Navigating change with professional services

Issue 4 2021 Editor's Choice

The raison d’être of an IT provider’s professional services is to optimise the performance of the solutions implemented at the customer’s premises and thus to meet their operational needs as precisely as possible. However, in just a short while with the pandemic, these needs have changed radically as companies have had to adapt and completely rethink their operating methods to cope with the crisis.

To continue to support them as closely as possible, professional services must also transform their offer and consider trends that have emerged or that have already been underway for several years and that have now accelerated.

Remote services to meet the cloud boom

As a direct result of social distancing measures and the massive use of teleworking, cloud consumption has grown dramatically in 2020 and is expected to continue to do so in the years to come. 57% of companies believe they will spend more on SaaS solutions this year and 49% on public cloud.

In the physical security sector, where the cloud has traditionally played a minor role, this has resulted in the emergence of hybrid solutions that allow existing solutions to remain on site, move to the cloud for specific applications and gradually migrate systems as needed. This new development does add a layer of complexity to those carrying out complex, multi-system and multi-site physical security projects, including the job of integrators who support them.

For professional services, this means offering services linked to easing the transition to a hybrid or cloud model, but also changing the way these services are delivered and packaged so that they are more consistent with the cloud: remote and longer-term services, covering the entire life cycle of the customer and their experience.

Strengthening cybersecurity services

At the same time, cyber attacks have increased. Hackers have seen and seized many of the opportunities generated by the rapid and improvised implementation of teleworking in companies during the initial containment. In this context, 90% of companies have seen an increase in cyber attacks. The news of the last few weeks also shows that the trend is not weakening.

Cybersecurity cannot be improvised.

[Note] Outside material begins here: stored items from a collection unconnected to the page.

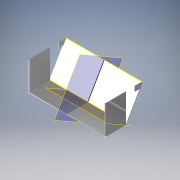
# Autodesk Inventor part: 15102898-16-P-0203
Saved by Autodesk Inventor 2017 (Build 210142000, 142)
## iProperties
Created: 2016-10-01
Part Number: 15102898-16-P-0203
Material: Polycarbonate, Clear
Document SubType Name: Modeling
Designer: Sofia
Density: 1.2 g/cm^3
Appearance: Polycarbonate - Clear
Author: Sofia
Autodesk Inventor part; units mm, degrees
ref_plane "YZ Plane" through (0, 0, 0) normal (1, 0, 0) x (0, 1, 0)
ref_plane "XZ Plane" through (0, 0, 0) normal (0, 1, 0) x (-1, 0, 0)
ref_plane "XY Plane" through (0, 0, 0) normal (0, 0, 1) x (1, 0, 0)
sketch "Sketch1" plane through (0, 0, 0) normal (0, 1, 0) x (-1, 0, 0)
  line L0 (0, 0) -> (-415.7726, 0)
  line L1 (-415.7726, 0) -> (-415.7726, -115.7143)
  line L2 (-415.7726, -115.7143) -> (0, -115.7143)
  line L3 (0, -115.7143) -> (0, 0)
  dimension "d0" = 415.7726
  constraints: 8 end point, 2 parallel, 1 horizontal, 1 perpendicular
  measures "d0" distance of L2.end L1.end
extrude "Extrusion1" add sketch "Sketch1" along normal blind 3.175
sketch "Sketch2" plane through (0, 3.175, 0) normal (0, 1, 0) x (1, 0, 0)
  line L0 (0, 0) -> (415.7726, 0) projected
  line L1 (3.175, 0) -> (3.175, 112.5393)
  line L2 (3.175, 112.5393) -> (412.5976, 112.5393)
  line L3 (412.5976, 112.5393) -> (412.5976, 0)
  line L4 (415.7726, 0) -> (415.7726, 115.7143) projected
  line L5 (0, 115.7143) -> (0, 0) projected
  line L6 (415.7726, 115.7143) -> (0, 115.7143) projected
  line L7 (0, 0) -> (3.175, 0)
  line L8 (415.7726, 0) -> (412.5976, 0)
  line L9 (3.175, 112.5393) -> (0, 112.5393)
  line L10 (412.5976, 112.5393) -> (415.7726, 112.5393)
  dimension "d3" = 3.175
  dimension "d4" = 3.175
  dimension "d5" = 3.175
  constraints: 14 end point, 4 point on line, 3 perpendicular, 2 collinear, 1 vertical
  measures "d3" distance between parallel lines of L4 L3
  measures "d4" distance between parallel lines of L1 L5
  measures "d5" distance between parallel lines of L6 L2
extrude "Extrusion6" add sketch "Sketch2" along normal blind 152.4 contours L5 L9 L1 L0 | L3 L10 L4 L0
ref_plane "Work Plane1" through (415.7726, 3.175, -115.7143) normal (0, 0.8660254, -0.5) x (-1, 0, 0)
sketch "Sketch9" plane through (415.7726, 3.175, -115.7143) normal (0, 0.8660254, -0.5) x (-1, 0, 0)
  line L0 (0, 98.6241) -> (0, -1.5875) projected
  line L1 (415.7726, 0) -> (0, 0)
  line L2 (0, 0) -> (0, 3.175)
  line L3 (0, 3.175) -> (415.7726, 3.175)
  line L4 (415.7726, 3.175) -> (415.7726, 0)
  point P0 (415.7726, 98.6241)
  dimension "d25" = 3.175
  constraints: 8 end point, 2 parallel, 1 coincident, 1 horizontal, 1 perpendicular, 1 point on line
  measures "d25" distance between parallel lines of L3 L1
extrude "Extrusion7" add sketch "Sketch9" along normal blind 175.9712
sketch "Sketch11" plane through (415.7726, 3.175, -115.7143) normal (1, 0, 0) x (0, -0.5, -0.8660254)
  point P0 (-98.6241, -60.6068)
sketch "Sketch12" plane through (415.7726, 3.175, -115.7143) normal (1, 0, 0) x (0, -0.5, -0.8660254)
  line L0 (-3.175, 175.9712) -> (-37.872, 155.9389)
  line L1 (-37.872, 155.9389) -> (-25.172, 133.9418)
  line L2 (-25.172, 133.9418) -> (-3.175, 146.6418)
  line L3 (-3.175, 0) -> (-3.175, 175.9712) projected
  point P0 (-98.6241, -60.6068)
  dimension "d34" = 25.4
  dimension "d35" = 60
  dimension "d36" = 25.4
  constraints: 6 end point, 1 parallel, 1 perpendicular, 1 point on line
  measures "d34" distance of L0.end L1.end
  measures "d35" angle of L3 L0
  measures "d36" distance of L1.end L2.end
extrude "Extrusion9" add sketch "Sketch12" against normal blind 3.175
sketch "Sketch13" plane through (0, 4.7625, -112.9647) normal (0, 0.5, 0.8660254) x (1, 0, 0)
  line L0 (415.7726, 175.9712) -> (0, 175.9712) projected
  line L1 (207.8863, 175.9712) -> (207.8863, 0)
  line L2 (415.7726, 0) -> (0, 0) projected
  point P0 (0, -60.6068)
  constraints: 2 end point, 2 midpoint
ref_plane "Work Plane2" through (207.8863, 157.158, -200.9503) normal (-1, 0, 0) x (0, -0.8660254, 0.5)
mirror "Mirror1" about plane through (207.8863, 157.158, -200.9503) normal (-1, 0, 0) of "Extrusion9"
body "Solid1"

It involves choosing the right solutions, with several layers of protection such as encryption, authentication and authorisation, acquired from trusted suppliers recognised for their transparency and the reliability of their products. This is essential, but it is not enough.

To strengthen their cyber hygiene, companies must also consider every integration, every configuration, every password in the deployment and life cycle of their software and hardware solutions. A multitude of risks must be minimised to ensure the best protection.

Professional services are best placed to assist in protecting not only their enterprise customers, but their integrators. Both of whom can be confident that their solutions have been optimised by the people who know them best: the people who developed and market them. To build resilience, companies need to be able to rely on services that assess their current cybersecurity across all components of their infrastructure and professional services need to take a more proactive approach to building resilience.

Despite the pandemic, the missions of professional services remain the same: to deliver value and minimise risk in the deployment of systems and then to ensure that everything works as intended over time. But the nature of these services needs to adapt, as deployments are now more open to the cloud and the risks are greater and more present. It is this new reality that professional services must consider.